Its also worth mentioning that none of these proposed designs are vtol, so
you'll need a real runway to land or take off.

Worse, how do you leave the massive underground parking lot? Drive to the
street then somewhere you can safely lift off? Now you have to wait to taxi to
the proper runway or lift off zone or whatever these things will ultimately be
allowed to use. Double worse, now we're less invested in solutions that
actually work and don't require massive parking spaces like public trans via
light rail, e-bikes, traditional bikes, etc.

There's a reason why the personal plane never took off. I'm pretty bearish
about the flying car concept, even if all the technical and regulatory issues
are easily solved (hint: they wont be) there's still pricing and safety issues
on top of the parking problem. Oh and 9/11 is fresh in everyone's minds. Can
you imagine anyone approving these things flying near the skyscrapers we work
in? I suspect that if that these things catch on, they'll be like the
Concorde.
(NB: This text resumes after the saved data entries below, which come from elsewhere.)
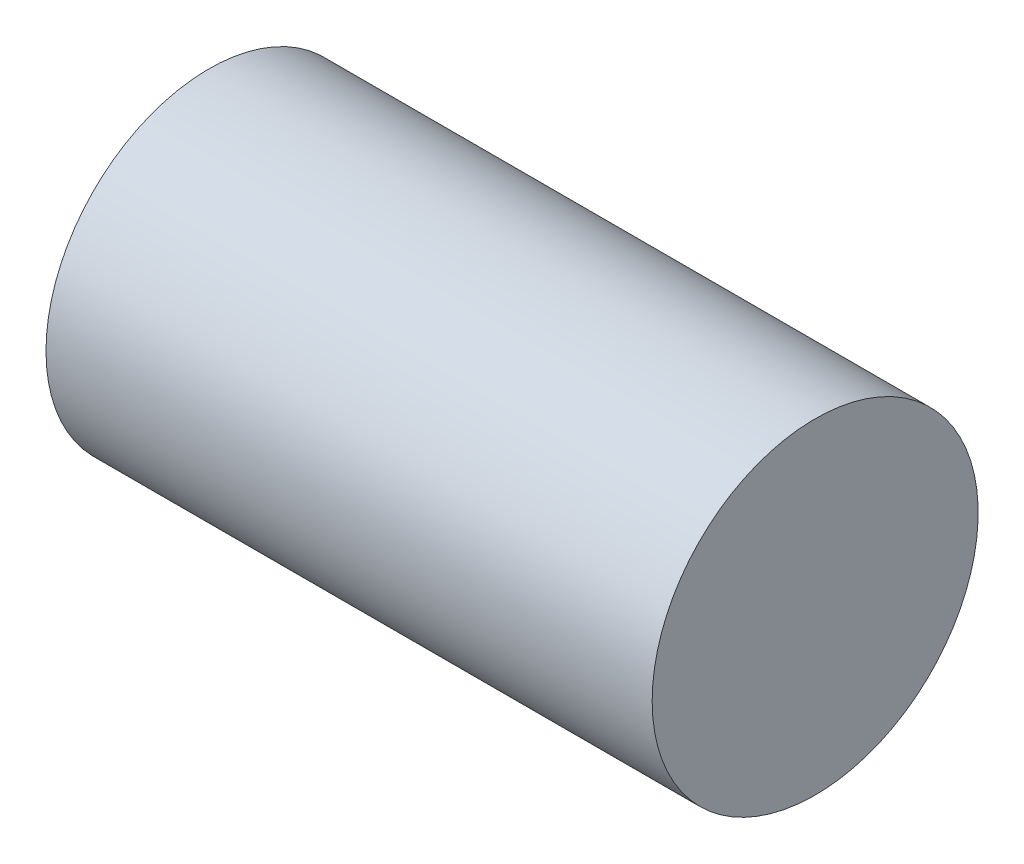
ISO-10303-21;
HEADER;
FILE_DESCRIPTION(('STEP AP214'),'2;1');
FILE_NAME('part.step','',(''),(''),'','','');
FILE_SCHEMA(('AUTOMOTIVE_DESIGN { 1 0 10303 214 1 1 1 1 }'));
ENDSEC;
DATA;
#1=APPLICATION_CONTEXT('core data for automotive mechanical design processes');
#2=APPLICATION_PROTOCOL_DEFINITION('international standard','automotive_design',2000,#1);
#3=PRODUCT_CONTEXT('',#1,'mechanical');
#4=PRODUCT('Part','Part','',(#3));
#5=PRODUCT_RELATED_PRODUCT_CATEGORY('part','',(#4));
#6=PRODUCT_DEFINITION_FORMATION('','',#4);
#7=PRODUCT_DEFINITION_CONTEXT('part definition',#1,'design');
#8=PRODUCT_DEFINITION('design','',#6,#7);
#9=PRODUCT_DEFINITION_SHAPE('','',#8);
#10=(LENGTH_UNIT() NAMED_UNIT(*) SI_UNIT(.MILLI.,.METRE.));
#11=(NAMED_UNIT(*) PLANE_ANGLE_UNIT() SI_UNIT($,.RADIAN.));
#12=(NAMED_UNIT(*) SI_UNIT($,.STERADIAN.) SOLID_ANGLE_UNIT());
#13=UNCERTAINTY_MEASURE_WITH_UNIT(LENGTH_MEASURE(1.E-05),#10,'distance_accuracy_value','');
#14=(GEOMETRIC_REPRESENTATION_CONTEXT(3) GLOBAL_UNCERTAINTY_ASSIGNED_CONTEXT((#13)) GLOBAL_UNIT_ASSIGNED_CONTEXT((#10,
#11,#12)) REPRESENTATION_CONTEXT('',''));
#15=CARTESIAN_POINT('',(0.,0.,0.));
#16=DIRECTION('',(0.,0.,1.));
#17=DIRECTION('',(1.,0.,0.));
#18=AXIS2_PLACEMENT_3D('',#15,#16,#17);
#19=CARTESIAN_POINT('',(-779.039347611489,377.335927831157,-617.65));
#20=DIRECTION('',(-1.,0.,0.));
#21=DIRECTION('',(0.,0.,1.));
#22=AXIS2_PLACEMENT_3D('',#19,#20,#21);
#23=PLANE('',#22);
#24=CARTESIAN_POINT('',(-779.039347611489,328.310927831157,-613.95));
#25=DIRECTION('',(-1.,0.,0.));
#26=DIRECTION('',(0.,0.,1.));
#27=AXIS2_PLACEMENT_3D('',#24,#25,#26);
#28=CIRCLE('',#27,36.449);
#29=CARTESIAN_POINT('',(-779.039347611489,328.310927831157,-577.501));
#30=VERTEX_POINT('',#29);
#31=EDGE_CURVE('E18',#30,#30,#28,.F.);
#32=ORIENTED_EDGE('',*,*,#31,.F.);
#33=EDGE_LOOP('',(#32));
#34=FACE_BOUND('',#33,.T.);
#35=ADVANCED_FACE('F15',(#34),#23,.T.);
#36=CARTESIAN_POINT('',(-643.489347611489,377.335927831157,-617.65));
#37=DIRECTION('',(-1.,0.,0.));
#38=DIRECTION('',(0.,0.,1.));
#39=AXIS2_PLACEMENT_3D('',#36,#37,#38);
#40=PLANE('',#39);
#41=CARTESIAN_POINT('',(-643.489347611489,328.310927831157,-613.95));
#42=DIRECTION('',(-1.,0.,0.));
#43=DIRECTION('',(0.,0.,1.));
#44=AXIS2_PLACEMENT_3D('',#41,#42,#43);
#45=CIRCLE('',#44,36.449);
#46=CARTESIAN_POINT('',(-643.489347611489,328.310927831157,-577.501));
#47=VERTEX_POINT('',#46);
#48=EDGE_CURVE('E10',#47,#47,#45,.T.);
#49=ORIENTED_EDGE('',*,*,#48,.F.);
#50=EDGE_LOOP('',(#49));
#51=FACE_BOUND('',#50,.T.);
#52=ADVANCED_FACE('F30',(#51),#40,.F.);
#53=CARTESIAN_POINT('',(432.060652388511,328.310927831157,-613.95));
#54=DIRECTION('',(-1.,0.,0.));
#55=DIRECTION('',(0.,0.,1.));
#56=AXIS2_PLACEMENT_3D('',#53,#54,#55);
#57=CYLINDRICAL_SURFACE('',#56,36.449);
#58=ORIENTED_EDGE('',*,*,#48,.T.);
#59=EDGE_LOOP('',(#58));
#60=FACE_BOUND('',#59,.T.);
#61=ORIENTED_EDGE('',*,*,#31,.T.);
#62=EDGE_LOOP('',(#61));
#63=FACE_BOUND('',#62,.T.);
#64=ADVANCED_FACE('F27',(#60,#63),#57,.T.);
#65=CLOSED_SHELL('',(#35,#52,#64));
#66=MANIFOLD_SOLID_BREP('B1',#65);
#67=ADVANCED_BREP_SHAPE_REPRESENTATION('',(#18,#66),#14);
#68=SHAPE_DEFINITION_REPRESENTATION(#9,#67);
ENDSEC;
END-ISO-10303-21;
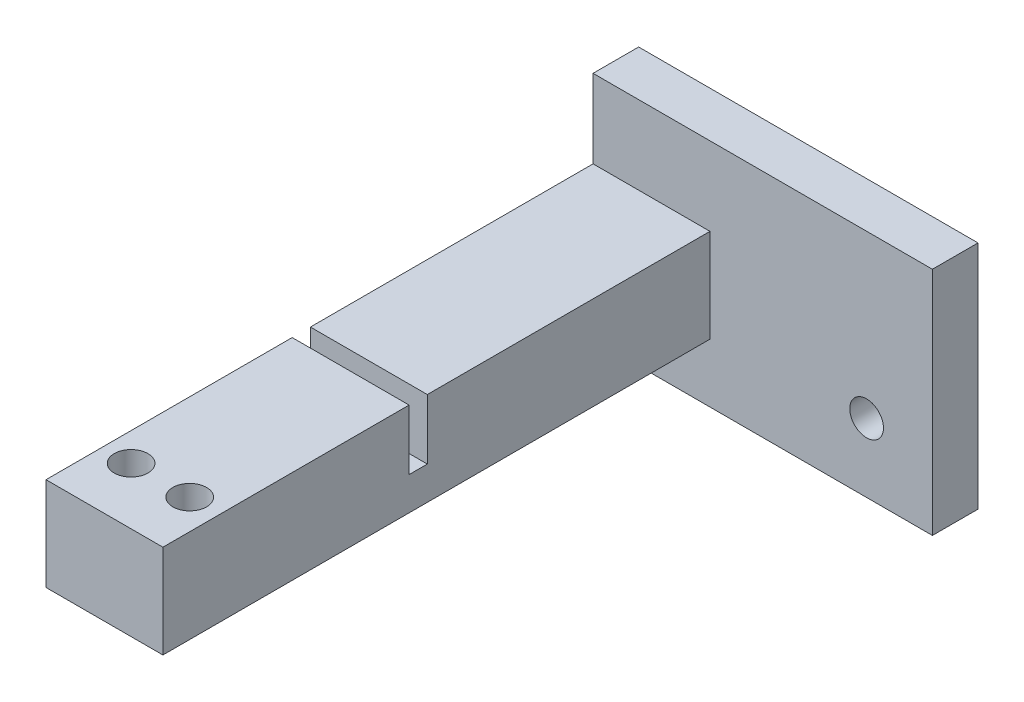
ISO-10303-21;
HEADER;
FILE_DESCRIPTION(('STEP AP214'),'2;1');
FILE_NAME('part.step','',(''),(''),'','','');
FILE_SCHEMA(('AUTOMOTIVE_DESIGN { 1 0 10303 214 1 1 1 1 }'));
ENDSEC;
DATA;
#1=APPLICATION_CONTEXT('core data for automotive mechanical design processes');
#2=APPLICATION_PROTOCOL_DEFINITION('international standard','automotive_design',2000,#1);
#3=PRODUCT_CONTEXT('',#1,'mechanical');
#4=PRODUCT('Part','Part','',(#3));
#5=PRODUCT_RELATED_PRODUCT_CATEGORY('part','',(#4));
#6=PRODUCT_DEFINITION_FORMATION('','',#4);
#7=PRODUCT_DEFINITION_CONTEXT('part definition',#1,'design');
#8=PRODUCT_DEFINITION('design','',#6,#7);
#9=PRODUCT_DEFINITION_SHAPE('','',#8);
#10=(LENGTH_UNIT() NAMED_UNIT(*) SI_UNIT(.MILLI.,.METRE.));
#11=(NAMED_UNIT(*) PLANE_ANGLE_UNIT() SI_UNIT($,.RADIAN.));
#12=(NAMED_UNIT(*) SI_UNIT($,.STERADIAN.) SOLID_ANGLE_UNIT());
#13=UNCERTAINTY_MEASURE_WITH_UNIT(LENGTH_MEASURE(1.E-05),#10,'distance_accuracy_value','');
#14=(GEOMETRIC_REPRESENTATION_CONTEXT(3) GLOBAL_UNCERTAINTY_ASSIGNED_CONTEXT((#13)) GLOBAL_UNIT_ASSIGNED_CONTEXT((#10,
#11,#12)) REPRESENTATION_CONTEXT('',''));
#15=CARTESIAN_POINT('',(0.,0.,0.));
#16=DIRECTION('',(0.,0.,1.));
#17=DIRECTION('',(1.,0.,0.));
#18=AXIS2_PLACEMENT_3D('',#15,#16,#17);
#19=CARTESIAN_POINT('',(-7.63393751811079,-236.230646054278,65.));
#20=DIRECTION('',(0.,-1.,0.));
#21=DIRECTION('',(0.,0.,-1.));
#22=AXIS2_PLACEMENT_3D('',#19,#20,#21);
#23=PLANE('',#22);
#24=CARTESIAN_POINT('',(1.90549840476706,-236.230646054278,58.7782407464542));
#25=DIRECTION('',(0.,1.,0.));
#26=DIRECTION('',(0.,0.,1.));
#27=AXIS2_PLACEMENT_3D('',#24,#25,#26);
#28=CIRCLE('',#27,1.85);
#29=CARTESIAN_POINT('',(1.90549840476706,-236.230646054278,60.6282407464542));
#30=VERTEX_POINT('',#29);
#31=EDGE_CURVE('E216',#30,#30,#28,.T.);
#32=ORIENTED_EDGE('',*,*,#31,.F.);
#33=EDGE_LOOP('',(#32));
#34=FACE_BOUND('',#33,.T.);
#35=CARTESIAN_POINT('',(-4.52306634815614,-236.230646054278,58.7782407464542));
#36=DIRECTION('',(0.,1.,0.));
#37=DIRECTION('',(0.,0.,1.));
#38=AXIS2_PLACEMENT_3D('',#35,#36,#37);
#39=CIRCLE('',#38,1.85);
#40=CARTESIAN_POINT('',(-4.52306634815614,-236.230646054278,60.6282407464542));
#41=VERTEX_POINT('',#40);
#42=EDGE_CURVE('E222',#41,#41,#39,.T.);
#43=ORIENTED_EDGE('',*,*,#42,.F.);
#44=EDGE_LOOP('',(#43));
#45=FACE_BOUND('',#44,.T.);
#46=DIRECTION('',(0.,0.,-1.));
#47=VECTOR('',#46,1.);
#48=CARTESIAN_POINT('',(5.18885462118252,-236.230646054278,65.));
#49=LINE('',#48,#47);
#50=CARTESIAN_POINT('',(5.18885462118252,-236.230646054278,65.));
#51=VERTEX_POINT('',#50);
#52=CARTESIAN_POINT('',(5.18885462118252,-236.230646054278,38.0000000000003));
#53=VERTEX_POINT('',#52);
#54=EDGE_CURVE('E172',#51,#53,#49,.T.);
#55=ORIENTED_EDGE('',*,*,#54,.T.);
#56=DIRECTION('',(-1.,0.,0.));
#57=VECTOR('',#56,1.);
#58=CARTESIAN_POINT('',(-7.63393751811079,-236.230646054278,38.0000000000003));
#59=LINE('',#58,#57);
#60=CARTESIAN_POINT('',(-7.63393751811079,-236.230646054278,38.0000000000003));
#61=VERTEX_POINT('',#60);
#62=EDGE_CURVE('E43',#53,#61,#59,.T.);
#63=ORIENTED_EDGE('',*,*,#62,.T.);
#64=DIRECTION('',(0.,0.,-1.));
#65=VECTOR('',#64,1.);
#66=CARTESIAN_POINT('',(-7.63393751811079,-236.230646054278,65.));
#67=LINE('',#66,#65);
#68=CARTESIAN_POINT('',(-7.63393751811079,-236.230646054278,65.));
#69=VERTEX_POINT('',#68);
#70=EDGE_CURVE('E170',#69,#61,#67,.T.);
#71=ORIENTED_EDGE('',*,*,#70,.F.);
#72=DIRECTION('',(-1.,0.,0.));
#73=VECTOR('',#72,1.);
#74=CARTESIAN_POINT('',(-7.63393751811079,-236.230646054278,65.));
#75=LINE('',#74,#73);
#76=EDGE_CURVE('E161',#51,#69,#75,.T.);
#77=ORIENTED_EDGE('',*,*,#76,.F.);
#78=EDGE_LOOP('',(#55,#63,#71,#77));
#79=FACE_BOUND('',#78,.T.);
#80=ADVANCED_FACE('F34',(#34,#45,#79),#23,.F.);
#81=CARTESIAN_POINT('',(-7.63393751811079,-227.630923277245,5.));
#82=DIRECTION('',(1.,0.,0.));
#83=DIRECTION('',(0.,1.,0.));
#84=AXIS2_PLACEMENT_3D('',#81,#82,#83);
#85=PLANE('',#84);
#86=ORIENTED_EDGE('',*,*,#70,.T.);
#87=DIRECTION('',(0.,1.,0.));
#88=VECTOR('',#87,1.);
#89=CARTESIAN_POINT('',(-7.63393751811079,-236.05692623174,38.0000000000003));
#90=LINE('',#89,#88);
#91=CARTESIAN_POINT('',(-7.63393751811079,-242.835145352554,38.0000000000003));
#92=VERTEX_POINT('',#91);
#93=EDGE_CURVE('E141',#92,#61,#90,.T.);
#94=ORIENTED_EDGE('',*,*,#93,.F.);
#95=DIRECTION('',(0.,0.,1.));
#96=VECTOR('',#95,1.);
#97=CARTESIAN_POINT('',(-7.63393751811079,-242.835145352554,38.0000000000003));
#98=LINE('',#97,#96);
#99=CARTESIAN_POINT('',(-7.63393751811079,-242.835145352554,36.0000000000003));
#100=VERTEX_POINT('',#99);
#101=EDGE_CURVE('E131',#100,#92,#98,.T.);
#102=ORIENTED_EDGE('',*,*,#101,.F.);
#103=DIRECTION('',(0.,-1.,0.));
#104=VECTOR('',#103,1.);
#105=CARTESIAN_POINT('',(-7.63393751811079,-236.05692623174,36.0000000000003));
#106=LINE('',#105,#104);
#107=CARTESIAN_POINT('',(-7.63393751811079,-236.230646054278,36.0000000000003));
#108=VERTEX_POINT('',#107);
#109=EDGE_CURVE('E136',#108,#100,#106,.T.);
#110=ORIENTED_EDGE('',*,*,#109,.F.);
#111=CARTESIAN_POINT('',(-7.63393751811079,-236.230646054278,5.));
#112=VERTEX_POINT('',#111);
#113=EDGE_CURVE('E163',#108,#112,#67,.T.);
#114=ORIENTED_EDGE('',*,*,#113,.T.);
#115=DIRECTION('',(0.,-1.,0.));
#116=VECTOR('',#115,1.);
#117=CARTESIAN_POINT('',(-7.63393751811079,-227.630923277245,5.));
#118=LINE('',#117,#116);
#119=CARTESIAN_POINT('',(-7.63393751811079,-227.630923277245,5.));
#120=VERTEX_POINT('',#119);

A toy for rich people in a hurry but with so many strict regulations
and limitations that it'll ultimately be infeasible in the long run.

If Page and Google have shown anything, they're poor futurists outside of the
information realm. When it comes to hardware, they're batting very poorly.
They let Valve and Oculus take the VR crown, they let Musk take space tourism
and electric cars, they let Jobs take the first mass market smartphone, let
Amazon take the e-book crown, etc.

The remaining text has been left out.